-------- Data to use
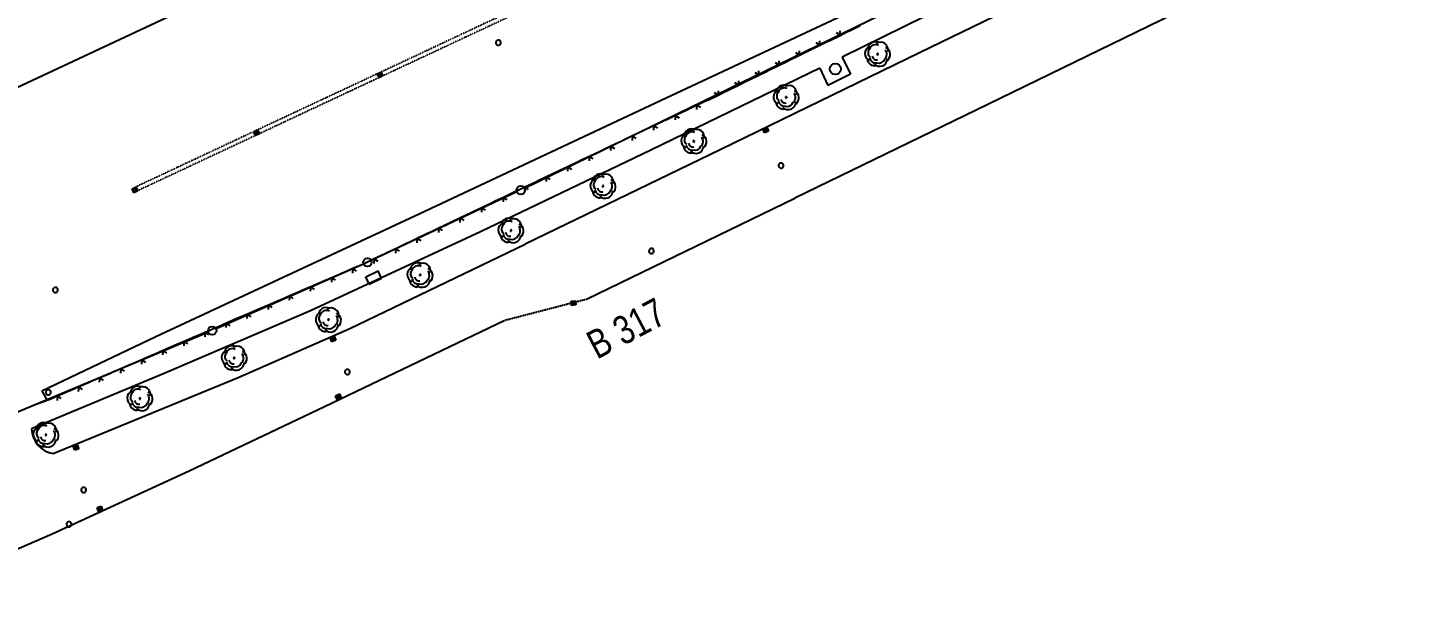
# Model space of a CAD drawing. Header units: millimetres. Extents: x 10546 to 220412, y -33380 to 110888.
# Drawn here: x 121828 to 138299, y -28546 to -21811 of the extents above; entities that cross this region are included whole.
import ezdxf

# ---------------------------------------------------------------- set-up
doc = ezdxf.new("R2010")
doc.units = ezdxf.units.MM
doc.linetypes.add('DOT', pattern=[0.25, 0, -0.25])
doc.linetypes.add('HIDDEN', pattern=[0.375, 0.25, -0.125])
doc.layers.add('A0_Grundriß_Versorgungskanal', color=253, linetype='Continuous', lineweight=20)
doc.layers.add('Lageplan', color=7, linetype='Continuous')
doc.styles.add('2', font='TXT')

# ---------------------------------------------------------------- blocks, each defined once
blk = doc.blocks.new('Lageplan 1.UG')
at = {"layer": 'Lageplan', "linetype": 'DOT'}
for p, q in [((-28139, -17171), (-36774, -21214)), ((-28118, -17217), (-36752, -21259))]:
    blk.add_line(p, q, dxfattribs=at)
at = {"layer": 'Lageplan'}
for p, q in [((-21579, -17744), (-26707, -20239)), ((-26021, -18232), (-32181, -21231)), ((-26003, -18487), (-28428, -19680)), ((-35515, -18796), (-38737, -20304)), ((-30507, -20162), (-27683, -18839)), ((-25841, -18816), (-27517, -19631)), ((-27517, -19631), (-29871, -20776)), ((-28428, -19680), (-28333, -19882)), ((-33921, -19879), (-33876, -19857)), ((-33921, -19879), (-33876, -19857)), ((-33899, -19924), (-33921, -19879)), ((-33899, -19924), (-33921, -19879)), ((-33915, -19890), (-33870, -19868)), ((-33915, -19890), (-33870, -19868)), ((-33865, -19880), (-33910, -19901)), ((-33865, -19880), (-33910, -19901)), ((-33904, -19913), (-33859, -19891)), ((-33904, -19913), (-33859, -19891)), ((-33854, -19902), (-33899, -19924)), ((-33854, -19902), (-33899, -19924)), ((-33876, -19857), (-33854, -19902)), ((-33876, -19857), (-33854, -19902)), ((-28695, -19812), (-30689, -20781)), ((-28695, -19812), (-28600, -20016)), ((-28333, -19882), (-28600, -20016)), ((-33418, -21527), (-30507, -20162)), ((-26707, -20239), (-28989, -21346)), ((-35380, -20563), (-35335, -20541)), ((-35358, -20608), (-35380, -20563)), ((-35375, -20575), (-35330, -20553)), ((-35324, -20564), (-35369, -20586)), ((-35364, -20597), (-35319, -20575)), ((-35313, -20586), (-35358, -20608)), ((-35335, -20541), (-35313, -20586)), ((-29365, -20527), (-29318, -20509)), ((-29348, -20574), (-29365, -20527)), ((-29314, -20521), (-29361, -20538)), ((-29356, -20550), (-29309, -20533)), ((-29305, -20545), (-29352, -20562)), ((-29301, -20557), (-29348, -20574)), ((-29318, -20509), (-29301, -20557)), ((-30689, -20781), (-32700, -21746)), ((-29871, -20776), (-32175, -21892)), ((-36818, -21238), (-36773, -21216)), ((-36796, -21283), (-36818, -21238)), ((-36812, -21249), (-36767, -21227)), ((-36762, -21238), (-36807, -21260)), ((-36773, -21216), (-36751, -21261)), ((-36801, -21272), (-36756, -21250)), ((-36751, -21261), (-36796, -21283)), ((-32271, -21274), (-33993, -22084)), ((-31441, -22536), (-28989, -21346)), ((-36536, -22982), (-33418, -21527)), ((-32700, -21746), (-34711, -22676)), ((-34246, -22885), (-32175, -21892)), ((-34083, -22125), (-35826, -22892)), ((-34058, -22277), (-33911, -22207)), ((-33871, -22291), (-33911, -22207)), ((-34018, -22361), (-34058, -22277)), ((-34018, -22361), (-33871, -22291)), ((-31631, -22563), (-31581, -22559)), ((-31626, -22613), (-31631, -22563)), ((-31618, -22562), (-31614, -22612)), ((-31601, -22611), (-31606, -22561)), ((-31594, -22560), (-31589, -22610)), ((-31581, -22559), (-31576, -22608)), ((-34711, -22676), (-36438, -23419)), ((-31576, -22608), (-31626, -22613)), ((-35563, -23464), (-34246, -22885)), ((-34544, -23808), (-32424, -22791)), ((-35917, -22931), (-38737, -24113)), ((-37885, -23621), (-36536, -22982)), ((-34477, -22998), (-34431, -22978)), ((-34457, -23044), (-34477, -22998)), ((-34426, -22989), (-34472, -23009)), ((-34467, -23021), (-34421, -23001)), ((-34416, -23012), (-34462, -23032)), ((-34411, -23023), (-34457, -23044)), ((-34431, -22978), (-34411, -23023)), ((-36438, -23419), (-38006, -24073)), ((-37749, -24363), (-35563, -23464)), ((-37885, -23621), (-37821, -23738)), ((-34414, -23680), (-34368, -23660)), ((-34394, -23726), (-34414, -23680)), ((-34363, -23672), (-34409, -23692)), ((-34404, -23703), (-34358, -23683)), ((-34353, -23695), (-34399, -23715)), ((-34348, -23706), (-34394, -23726)), ((-34368, -23660), (-34348, -23706)), ((-36144, -24566), (-34544, -23808)), ((-37512, -24276), (-37465, -24259)), ((-37495, -24323), (-37512, -24276)), ((-37460, -24271), (-37508, -24288)), ((-37503, -24300), (-37456, -24283)), ((-37452, -24295), (-37499, -24312)), ((-37448, -24306), (-37495, -24323)), ((-37465, -24259), (-37448, -24306)), ((-37762, -25310), (-36144, -24566)), ((-37230, -25001), (-37183, -24984)), ((-37213, -25048), (-37230, -25001)), ((-37179, -24996), (-37226, -25013)), ((-37222, -25025), (-37175, -25008)), ((-37170, -25019), (-37217, -25036)), ((-37166, -25031), (-37213, -25048)), ((-37183, -24984), (-37166, -25031)), ((-39508, -26071), (-37762, -25310))]:
    blk.add_line(p, q, dxfattribs=at)
at = {"layer": 'Lageplan', "color": 1}
for p, q in [((-28576, -19483), (-28455, -19424)), ((-28455, -19423), (-28496, -19396)), ((-28455, -19424), (-28452, -19372)), ((-28455, -19424), (-28365, -19379)), ((-28365, -19379), (-28336, -19365)), ((-28336, -19365), (-28215, -19306)), ((-28816, -19600), (-28695, -19541)), ((-28695, -19541), (-28736, -19513)), ((-28695, -19541), (-28692, -19490)), ((-28695, -19541), (-28605, -19497)), ((-28605, -19497), (-28576, -19483)), ((-29175, -19776), (-29216, -19749)), ((-29176, -19777), (-29172, -19725)), ((-29175, -19777), (-29085, -19732)), ((-29085, -19732), (-29056, -19718)), ((-29056, -19718), (-28935, -19659)), ((-28935, -19659), (-28976, -19631)), ((-28935, -19659), (-28932, -19607)), ((-28935, -19659), (-28845, -19615)), ((-28845, -19615), (-28816, -19600)), ((-29536, -19953), (-29415, -19894)), ((-29536, -19953), (-29415, -19894)), ((-29415, -19894), (-29456, -19866)), ((-29415, -19894), (-29456, -19866)), ((-29416, -19894), (-29412, -19843)), ((-29416, -19894), (-29412, -19843)), ((-29415, -19894), (-29325, -19850)), ((-29415, -19894), (-29325, -19850)), ((-29325, -19850), (-29296, -19836)), ((-29325, -19850), (-29296, -19836)), ((-29296, -19836), (-29175, -19777)), ((-29896, -20130), (-29892, -20078)), ((-29896, -20129), (-29805, -20085)), ((-29805, -20085), (-29776, -20071)), ((-29776, -20071), (-29656, -20012)), ((-29655, -20012), (-29696, -19984)), ((-29656, -20012), (-29652, -19960)), ((-29656, -20012), (-29565, -19967)), ((-29565, -19967), (-29536, -19953)), ((-30144, -20249), (-30240, -20295)), ((-30145, -20250), (-30149, -20301)), ((-30016, -20189), (-30144, -20249)), ((-30144, -20249), (-30103, -20278)), ((-30016, -20189), (-29896, -20129)), ((-29895, -20129), (-29937, -20102)), ((-30494, -20416), (-30525, -20431)), ((-30398, -20371), (-30494, -20416)), ((-30399, -20371), (-30403, -20422)), ((-30271, -20310), (-30398, -20371)), ((-30398, -20370), (-30357, -20399)), ((-30240, -20295), (-30271, -20310)), ((-30779, -20552), (-30907, -20612)), ((-30748, -20537), (-30779, -20552)), ((-30653, -20491), (-30748, -20537)), ((-30653, -20492), (-30657, -20544)), ((-30525, -20431), (-30653, -20491)), ((-30652, -20491), (-30612, -20520)), ((-31161, -20734), (-31257, -20779)), ((-31161, -20734), (-31166, -20786)), ((-31033, -20673), (-31161, -20734)), ((-31161, -20733), (-31120, -20762)), ((-31003, -20658), (-31033, -20673)), ((-30907, -20612), (-31003, -20658)), ((-30907, -20613), (-30911, -20665)), ((-30907, -20612), (-30866, -20641)), ((-31542, -20915), (-31669, -20976)), ((-31511, -20900), (-31542, -20915)), ((-31415, -20855), (-31511, -20900)), ((-31416, -20855), (-31420, -20907)), ((-31287, -20794), (-31415, -20855)), ((-31415, -20854), (-31374, -20883)), ((-31257, -20779), (-31287, -20794)), ((-31796, -21036), (-31924, -21097)), ((-31765, -21021), (-31796, -21036)), ((-31669, -20976), (-31765, -21021)), ((-31670, -20976), (-31674, -21028)), ((-31669, -20976), (-31628, -21004)), ((-32178, -21218), (-32273, -21263)), ((-32178, -21218), (-32182, -21270)), ((-32050, -21157), (-32178, -21218)), ((-32177, -21218), (-32137, -21246)), ((-32019, -21142), (-32050, -21157)), ((-31924, -21097), (-32019, -21142)), ((-31924, -21097), (-31928, -21149)), ((-31923, -21097), (-31882, -21125)), ((-32558, -21399), (-32686, -21460)), ((-32528, -21384), (-32558, -21399)), ((-32432, -21339), (-32528, -21384)), ((-32432, -21339), (-32436, -21391)), ((-32304, -21278), (-32432, -21339)), ((-32432, -21339), (-32391, -21367)), ((-32273, -21263), (-32304, -21278)), ((-32812, -21520), (-32940, -21581)), ((-32782, -21505), (-32812, -21520)), ((-32686, -21460), (-32782, -21505)), ((-32687, -21460), (-32691, -21512)), ((-32686, -21460), (-32645, -21488)), ((-33194, -21702), (-33290, -21747)), ((-33195, -21702), (-33199, -21754)), ((-33067, -21641), (-33194, -21702)), ((-33194, -21702), (-33153, -21730)), ((-33036, -21626), (-33067, -21641)), ((-32940, -21581), (-33036, -21626)), ((-32941, -21581), (-32945, -21633)), ((-32940, -21581), (-32899, -21609)), ((-33575, -21883), (-33703, -21944)), ((-33544, -21869), (-33575, -21883)), ((-33449, -21823), (-33544, -21869)), ((-33449, -21823), (-33453, -21875)), ((-33321, -21762), (-33449, -21823)), ((-33448, -21823), (-33408, -21851)), ((-33290, -21747), (-33321, -21762)), ((-33957, -22065), (-34053, -22110)), ((-33957, -22065), (-33962, -22117)), ((-33829, -22004), (-33957, -22065)), ((-33957, -22065), (-33916, -22093)), ((-33799, -21989), (-33829, -22004)), ((-33703, -21944), (-33799, -21989)), ((-33703, -21944), (-33707, -21996)), ((-33703, -21944), (-33662, -21972)), ((-34333, -22233), (-34458, -22287)), ((-34303, -22220), (-34333, -22233)), ((-34209, -22179), (-34303, -22220)), ((-34209, -22179), (-34215, -22231)), ((-34083, -22125), (-34209, -22179)), ((-34209, -22179), (-34169, -22209)), ((-34053, -22110), (-34083, -22125)), ((-34707, -22394), (-34801, -22435)), ((-34707, -22394), (-34713, -22446)), ((-34582, -22340), (-34707, -22394)), ((-34707, -22394), (-34667, -22424)), ((-34552, -22327), (-34582, -22340)), ((-34458, -22287), (-34552, -22327)), ((-34458, -22287), (-34464, -22338)), ((-34458, -22287), (-34418, -22317)), ((-35080, -22555), (-35206, -22609)), ((-35050, -22542), (-35080, -22555)), ((-34956, -22502), (-35050, -22542)), ((-34956, -22502), (-34962, -22553)), ((-34831, -22448), (-34956, -22502)), ((-34956, -22502), (-34917, -22532)), ((-34801, -22435), (-34831, -22448)), ((-35455, -22717), (-35549, -22757)), ((-35455, -22717), (-35461, -22769)), ((-35329, -22663), (-35455, -22717)), ((-35455, -22717), (-35415, -22747)), ((-35299, -22650), (-35329, -22663)), ((-35206, -22609), (-35299, -22650)), ((-35205, -22609), (-35211, -22661)), ((-35206, -22610), (-35166, -22639)), ((-35828, -22878), (-35953, -22932)), ((-35798, -22865), (-35828, -22878)), ((-35704, -22824), (-35798, -22865)), ((-35704, -22825), (-35710, -22876)), ((-35579, -22770), (-35704, -22824)), ((-35704, -22825), (-35664, -22854)), ((-35549, -22757), (-35579, -22770)), ((-36202, -23040), (-36296, -23080)), ((-36202, -23040), (-36208, -23091)), ((-36203, -23040), (-36163, -23069)), ((-36077, -22985), (-36202, -23040)), ((-36047, -22973), (-36077, -22985)), ((-35953, -22932), (-36047, -22973)), ((-35953, -22932), (-35959, -22983)), ((-35953, -22932), (-35914, -22962)), ((-36575, -23201), (-36701, -23255)), ((-36545, -23188), (-36575, -23201)), ((-36452, -23147), (-36545, -23188)), ((-36451, -23147), (-36457, -23199)), ((-36326, -23093), (-36452, -23147)), ((-36452, -23147), (-36412, -23177)), ((-36296, -23080), (-36326, -23093)), ((-36950, -23362), (-37044, -23403)), ((-36950, -23362), (-36956, -23414)), ((-36825, -23308), (-36950, -23362)), ((-36950, -23362), (-36910, -23392)), ((-36795, -23295), (-36825, -23308)), ((-36701, -23255), (-36795, -23295)), ((-36701, -23255), (-36707, -23306)), ((-36701, -23255), (-36661, -23284)), ((-37323, -23523), (-37448, -23577)), ((-37293, -23510), (-37323, -23523)), ((-37199, -23470), (-37293, -23510)), ((-37199, -23470), (-37205, -23521)), ((-37074, -23416), (-37199, -23470)), ((-37199, -23470), (-37160, -23499)), ((-37044, -23403), (-37074, -23416)), ((-37698, -23685), (-37791, -23725)), ((-37698, -23685), (-37703, -23736)), ((-37572, -23631), (-37698, -23685)), ((-37698, -23685), (-37658, -23715)), ((-37542, -23618), (-37572, -23631)), ((-37448, -23577), (-37542, -23618)), ((-37448, -23577), (-37454, -23629)), ((-37449, -23577), (-37409, -23607)), ((-37821, -23738), (-37982, -23797)), ((-37791, -23725), (-37821, -23738))]:
    blk.add_line(p, q, dxfattribs=at)
at = {"layer": 'Lageplan', "linetype": 'HIDDEN'}
blk.add_line((-32424, -22791), (-31441, -22536), dxfattribs=at)
at = {"layer": 'Lageplan', "color": 3}
blk.add_circle((-28510, -19821), 65, dxfattribs=at)
at = {"layer": 'Lageplan', "color": 1}
for centre in [(-32226, -21253), (-34038, -22105), (-35871, -22912)]:
    blk.add_circle(centre, 50, dxfattribs=at)
at = {"layer": 'Lageplan'}
blk.add_arc((-37703, -24064), 303, 181.7386, 261.4079, dxfattribs=at)
at = {"layer": 'Lageplan', "color": 5}
for centre, major_axis, start_param, end_param in [((-32490, -19511), (21.2, 21.2), 1.745278, 3.316074), ((-32490, -19511), (21.2, 21.2), 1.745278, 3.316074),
----------------
Assignment »
In the answer, give only the lines from the top of the data above through the line with "color=253, linetype='Continuous', lineweight=20)", reproduced exactly; no picture may appear.

The answer »
# Model space of a CAD drawing. Header units: millimetres. Extents: x 10546 to 220412, y -33380 to 110888.
# Drawn here: x 121828 to 138299, y -28546 to -21811 of the extents above; entities that cross this region are included whole.
import ezdxf

# ---------------------------------------------------------------- set-up
doc = ezdxf.new("R2010")
doc.units = ezdxf.units.MM
doc.linetypes.add('DOT', pattern=[0.25, 0, -0.25])
doc.linetypes.add('HIDDEN', pattern=[0.375, 0.25, -0.125])
doc.layers.add('A0_Grundriß_Versorgungskanal', color=253, linetype='Continuous', lineweight=20)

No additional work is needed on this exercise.